WORK TO BE COMPLETED: In the records below, find the line with "Net-(D40-A): D40.2 SW42.1" and the line with "Net-(D52-A): D52.2 SW54.1". Print both exactly, along with every line between them, and no other line.

* * * * * * *

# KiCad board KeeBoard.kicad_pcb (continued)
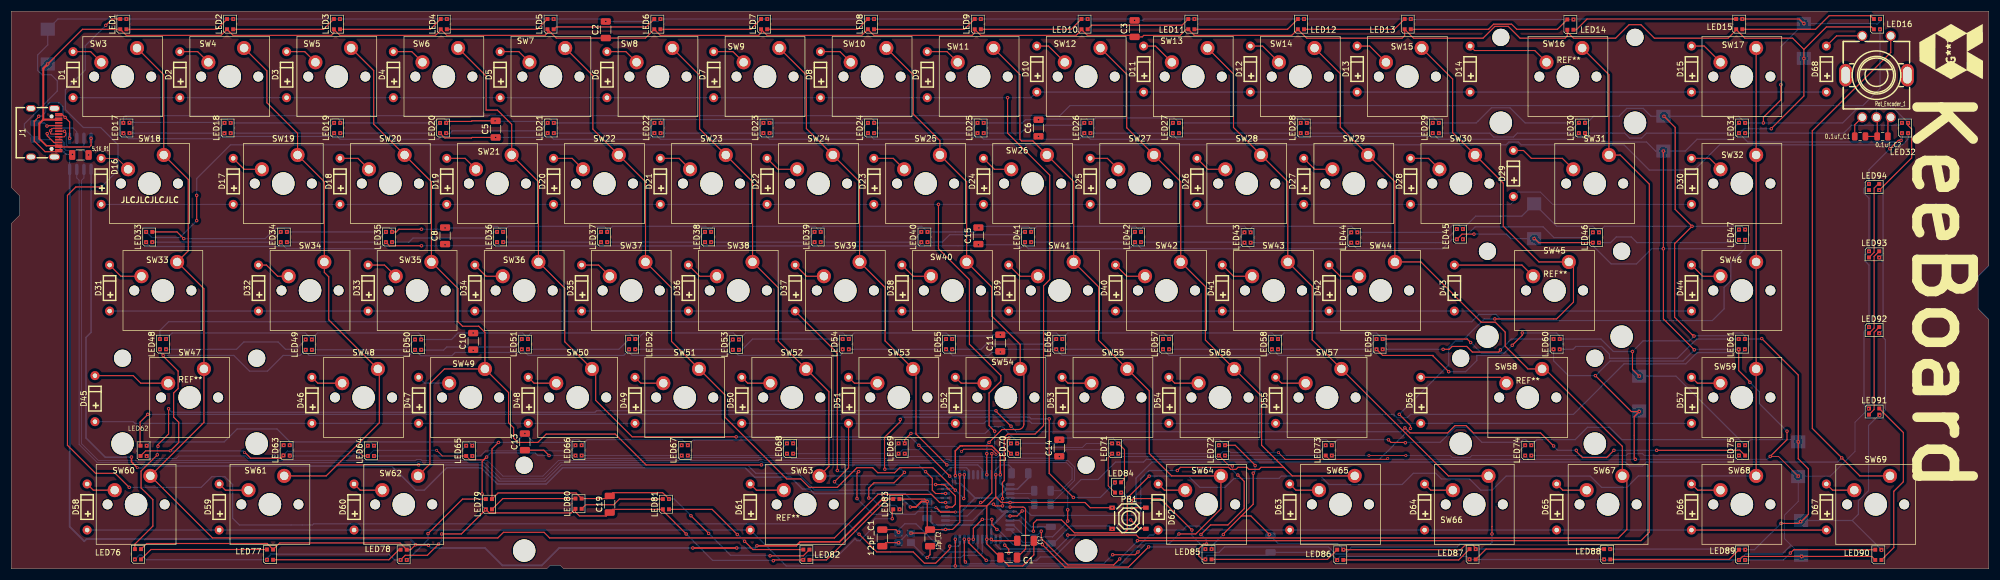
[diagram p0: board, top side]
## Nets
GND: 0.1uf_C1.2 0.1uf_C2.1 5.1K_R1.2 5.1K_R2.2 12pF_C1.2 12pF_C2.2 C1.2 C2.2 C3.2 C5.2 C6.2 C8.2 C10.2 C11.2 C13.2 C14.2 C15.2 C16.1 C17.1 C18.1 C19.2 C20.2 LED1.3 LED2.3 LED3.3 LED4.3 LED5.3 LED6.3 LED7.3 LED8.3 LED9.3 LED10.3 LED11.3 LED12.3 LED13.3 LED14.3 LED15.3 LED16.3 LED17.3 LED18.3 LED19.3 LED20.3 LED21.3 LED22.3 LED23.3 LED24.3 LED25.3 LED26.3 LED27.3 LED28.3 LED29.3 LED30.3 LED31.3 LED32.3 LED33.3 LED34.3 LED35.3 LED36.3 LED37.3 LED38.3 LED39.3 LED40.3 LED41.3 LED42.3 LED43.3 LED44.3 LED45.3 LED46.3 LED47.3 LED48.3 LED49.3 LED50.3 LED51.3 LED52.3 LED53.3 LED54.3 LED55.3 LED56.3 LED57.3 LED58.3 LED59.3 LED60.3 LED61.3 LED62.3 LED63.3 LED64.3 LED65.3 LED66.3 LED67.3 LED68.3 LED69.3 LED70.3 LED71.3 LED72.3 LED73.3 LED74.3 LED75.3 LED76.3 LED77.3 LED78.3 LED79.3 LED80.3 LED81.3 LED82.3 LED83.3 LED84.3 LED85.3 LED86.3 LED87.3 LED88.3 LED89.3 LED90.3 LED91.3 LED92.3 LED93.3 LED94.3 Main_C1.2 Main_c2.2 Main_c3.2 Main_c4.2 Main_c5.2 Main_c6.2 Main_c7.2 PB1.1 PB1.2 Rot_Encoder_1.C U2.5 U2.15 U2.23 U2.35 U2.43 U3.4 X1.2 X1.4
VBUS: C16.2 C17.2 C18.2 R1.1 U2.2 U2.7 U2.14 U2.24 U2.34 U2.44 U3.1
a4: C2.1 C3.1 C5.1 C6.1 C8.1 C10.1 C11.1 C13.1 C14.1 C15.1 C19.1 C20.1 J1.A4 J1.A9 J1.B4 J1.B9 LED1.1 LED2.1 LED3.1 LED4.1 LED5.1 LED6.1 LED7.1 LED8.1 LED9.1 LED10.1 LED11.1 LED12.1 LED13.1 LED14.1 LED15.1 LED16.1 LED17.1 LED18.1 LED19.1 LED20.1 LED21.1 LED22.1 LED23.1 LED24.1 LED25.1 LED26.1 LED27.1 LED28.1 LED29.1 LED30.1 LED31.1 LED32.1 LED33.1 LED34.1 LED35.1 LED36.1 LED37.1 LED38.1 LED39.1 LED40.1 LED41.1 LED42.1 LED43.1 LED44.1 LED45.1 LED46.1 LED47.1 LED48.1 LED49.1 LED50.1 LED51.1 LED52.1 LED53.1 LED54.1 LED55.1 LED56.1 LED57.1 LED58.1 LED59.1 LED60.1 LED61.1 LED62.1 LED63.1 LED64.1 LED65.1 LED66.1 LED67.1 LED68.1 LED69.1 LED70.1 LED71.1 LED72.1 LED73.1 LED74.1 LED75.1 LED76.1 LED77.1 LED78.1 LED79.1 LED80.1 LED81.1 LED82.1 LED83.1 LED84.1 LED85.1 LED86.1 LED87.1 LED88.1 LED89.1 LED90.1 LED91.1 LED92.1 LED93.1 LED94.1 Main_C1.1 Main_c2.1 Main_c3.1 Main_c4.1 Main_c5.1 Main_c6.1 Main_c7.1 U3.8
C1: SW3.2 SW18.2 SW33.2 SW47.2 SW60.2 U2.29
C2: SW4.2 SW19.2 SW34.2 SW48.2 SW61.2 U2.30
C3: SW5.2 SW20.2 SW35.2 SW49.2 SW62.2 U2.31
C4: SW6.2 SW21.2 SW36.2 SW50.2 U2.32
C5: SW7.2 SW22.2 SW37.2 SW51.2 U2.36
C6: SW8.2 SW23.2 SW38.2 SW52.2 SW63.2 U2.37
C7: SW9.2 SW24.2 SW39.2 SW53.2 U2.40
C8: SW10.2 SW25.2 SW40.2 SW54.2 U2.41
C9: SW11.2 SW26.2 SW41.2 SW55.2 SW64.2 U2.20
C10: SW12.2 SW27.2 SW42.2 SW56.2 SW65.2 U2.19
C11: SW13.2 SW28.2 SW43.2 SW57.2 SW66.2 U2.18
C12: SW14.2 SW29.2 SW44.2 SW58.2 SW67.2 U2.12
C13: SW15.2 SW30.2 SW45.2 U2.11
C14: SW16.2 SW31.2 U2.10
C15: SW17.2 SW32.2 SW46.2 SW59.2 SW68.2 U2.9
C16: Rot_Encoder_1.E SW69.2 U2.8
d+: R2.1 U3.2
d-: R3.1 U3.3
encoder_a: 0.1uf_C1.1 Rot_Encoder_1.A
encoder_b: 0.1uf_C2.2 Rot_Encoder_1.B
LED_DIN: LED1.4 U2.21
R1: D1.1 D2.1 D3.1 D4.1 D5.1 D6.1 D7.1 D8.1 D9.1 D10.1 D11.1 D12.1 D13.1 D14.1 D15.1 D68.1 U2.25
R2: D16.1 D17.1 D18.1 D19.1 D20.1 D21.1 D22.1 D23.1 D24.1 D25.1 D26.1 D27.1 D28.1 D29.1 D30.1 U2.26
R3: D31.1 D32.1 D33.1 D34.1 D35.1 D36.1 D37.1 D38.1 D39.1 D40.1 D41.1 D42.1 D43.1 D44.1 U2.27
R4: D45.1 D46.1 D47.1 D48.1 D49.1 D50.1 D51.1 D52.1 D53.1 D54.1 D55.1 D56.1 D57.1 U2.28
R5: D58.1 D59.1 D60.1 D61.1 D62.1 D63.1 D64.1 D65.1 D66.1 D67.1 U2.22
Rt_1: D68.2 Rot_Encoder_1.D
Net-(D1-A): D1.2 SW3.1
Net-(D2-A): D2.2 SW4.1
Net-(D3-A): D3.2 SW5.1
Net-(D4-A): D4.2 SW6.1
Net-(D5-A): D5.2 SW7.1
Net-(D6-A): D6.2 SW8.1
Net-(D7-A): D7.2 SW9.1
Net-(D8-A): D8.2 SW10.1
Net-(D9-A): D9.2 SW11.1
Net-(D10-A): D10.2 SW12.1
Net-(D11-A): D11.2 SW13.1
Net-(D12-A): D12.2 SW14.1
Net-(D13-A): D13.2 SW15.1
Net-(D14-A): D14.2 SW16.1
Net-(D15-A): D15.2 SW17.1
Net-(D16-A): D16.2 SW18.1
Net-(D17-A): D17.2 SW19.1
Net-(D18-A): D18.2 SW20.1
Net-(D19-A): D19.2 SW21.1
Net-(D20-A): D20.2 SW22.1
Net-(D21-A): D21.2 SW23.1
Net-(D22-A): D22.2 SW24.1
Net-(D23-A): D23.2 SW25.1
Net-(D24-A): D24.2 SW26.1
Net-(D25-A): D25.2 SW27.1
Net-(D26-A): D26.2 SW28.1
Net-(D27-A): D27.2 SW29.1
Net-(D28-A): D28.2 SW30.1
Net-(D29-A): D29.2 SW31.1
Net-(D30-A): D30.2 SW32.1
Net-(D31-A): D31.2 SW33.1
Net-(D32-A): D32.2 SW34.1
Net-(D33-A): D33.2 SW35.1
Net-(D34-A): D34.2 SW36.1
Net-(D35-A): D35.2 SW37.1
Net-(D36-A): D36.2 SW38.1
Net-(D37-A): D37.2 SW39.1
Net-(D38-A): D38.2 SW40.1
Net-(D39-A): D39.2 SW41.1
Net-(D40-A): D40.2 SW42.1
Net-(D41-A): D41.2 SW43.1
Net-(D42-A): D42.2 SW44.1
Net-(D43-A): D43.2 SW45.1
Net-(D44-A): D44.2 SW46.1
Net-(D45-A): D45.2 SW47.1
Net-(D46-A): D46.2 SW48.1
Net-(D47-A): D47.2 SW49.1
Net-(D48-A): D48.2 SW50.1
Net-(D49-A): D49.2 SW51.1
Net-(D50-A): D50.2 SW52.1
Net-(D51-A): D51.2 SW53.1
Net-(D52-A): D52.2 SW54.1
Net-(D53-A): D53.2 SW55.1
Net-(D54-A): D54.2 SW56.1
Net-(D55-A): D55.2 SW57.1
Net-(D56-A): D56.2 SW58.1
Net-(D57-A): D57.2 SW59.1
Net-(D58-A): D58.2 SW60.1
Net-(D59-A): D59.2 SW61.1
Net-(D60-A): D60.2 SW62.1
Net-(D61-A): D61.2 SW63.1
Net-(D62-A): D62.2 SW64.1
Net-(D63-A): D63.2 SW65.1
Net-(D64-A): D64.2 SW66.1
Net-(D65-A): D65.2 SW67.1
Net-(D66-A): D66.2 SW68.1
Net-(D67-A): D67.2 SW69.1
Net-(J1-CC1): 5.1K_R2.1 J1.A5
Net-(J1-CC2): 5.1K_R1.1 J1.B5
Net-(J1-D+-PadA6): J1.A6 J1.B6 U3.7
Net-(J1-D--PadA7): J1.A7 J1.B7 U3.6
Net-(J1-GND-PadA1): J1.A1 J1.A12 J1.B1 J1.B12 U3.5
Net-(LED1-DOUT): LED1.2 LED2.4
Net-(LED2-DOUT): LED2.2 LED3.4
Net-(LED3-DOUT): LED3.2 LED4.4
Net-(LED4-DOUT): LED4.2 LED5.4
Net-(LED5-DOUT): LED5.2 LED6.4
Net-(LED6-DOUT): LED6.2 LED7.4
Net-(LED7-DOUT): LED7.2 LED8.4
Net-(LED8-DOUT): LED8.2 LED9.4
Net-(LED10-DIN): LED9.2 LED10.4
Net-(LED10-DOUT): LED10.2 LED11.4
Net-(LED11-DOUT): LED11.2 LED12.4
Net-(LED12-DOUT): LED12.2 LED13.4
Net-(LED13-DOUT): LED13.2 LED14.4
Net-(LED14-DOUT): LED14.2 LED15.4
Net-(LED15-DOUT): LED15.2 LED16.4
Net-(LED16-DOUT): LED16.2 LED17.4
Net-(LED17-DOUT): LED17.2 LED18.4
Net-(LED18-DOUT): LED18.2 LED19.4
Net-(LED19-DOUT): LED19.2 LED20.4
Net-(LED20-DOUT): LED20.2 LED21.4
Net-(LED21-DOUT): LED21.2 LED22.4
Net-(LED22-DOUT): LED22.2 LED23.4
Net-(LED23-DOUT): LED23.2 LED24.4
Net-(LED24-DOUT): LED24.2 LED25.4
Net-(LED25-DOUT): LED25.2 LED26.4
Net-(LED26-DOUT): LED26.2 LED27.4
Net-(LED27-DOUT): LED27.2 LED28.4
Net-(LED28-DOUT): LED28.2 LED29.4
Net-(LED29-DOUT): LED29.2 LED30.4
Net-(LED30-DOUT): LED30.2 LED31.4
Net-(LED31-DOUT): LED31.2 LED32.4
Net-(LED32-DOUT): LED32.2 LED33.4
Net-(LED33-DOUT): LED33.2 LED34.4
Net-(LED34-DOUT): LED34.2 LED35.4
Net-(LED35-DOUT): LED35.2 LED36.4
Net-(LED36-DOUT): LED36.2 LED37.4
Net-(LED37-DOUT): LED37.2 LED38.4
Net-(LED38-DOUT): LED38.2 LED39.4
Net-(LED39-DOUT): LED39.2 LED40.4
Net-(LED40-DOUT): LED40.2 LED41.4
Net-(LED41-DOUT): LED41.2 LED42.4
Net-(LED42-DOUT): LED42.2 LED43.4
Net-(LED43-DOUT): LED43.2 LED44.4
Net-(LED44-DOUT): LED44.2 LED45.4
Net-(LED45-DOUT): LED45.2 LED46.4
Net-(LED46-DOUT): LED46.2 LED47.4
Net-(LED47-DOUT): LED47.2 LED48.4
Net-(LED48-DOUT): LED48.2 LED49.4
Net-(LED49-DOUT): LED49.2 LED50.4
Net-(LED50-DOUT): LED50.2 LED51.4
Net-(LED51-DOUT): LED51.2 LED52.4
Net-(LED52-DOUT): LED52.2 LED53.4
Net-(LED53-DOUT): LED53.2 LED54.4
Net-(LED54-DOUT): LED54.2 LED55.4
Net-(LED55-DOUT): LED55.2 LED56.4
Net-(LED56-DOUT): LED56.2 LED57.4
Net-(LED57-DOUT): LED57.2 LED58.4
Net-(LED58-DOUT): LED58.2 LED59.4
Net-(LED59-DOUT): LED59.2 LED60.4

* * * * * * *

SOLUTION TO THIS EXERCISE:
Net-(D40-A): D40.2 SW42.1
Net-(D41-A): D41.2 SW43.1
Net-(D42-A): D42.2 SW44.1
Net-(D43-A): D43.2 SW45.1
Net-(D44-A): D44.2 SW46.1
Net-(D45-A): D45.2 SW47.1
Net-(D46-A): D46.2 SW48.1
Net-(D47-A): D47.2 SW49.1
Net-(D48-A): D48.2 SW50.1
Net-(D49-A): D49.2 SW51.1
Net-(D50-A): D50.2 SW52.1
Net-(D51-A): D51.2 SW53.1
Net-(D52-A): D52.2 SW54.1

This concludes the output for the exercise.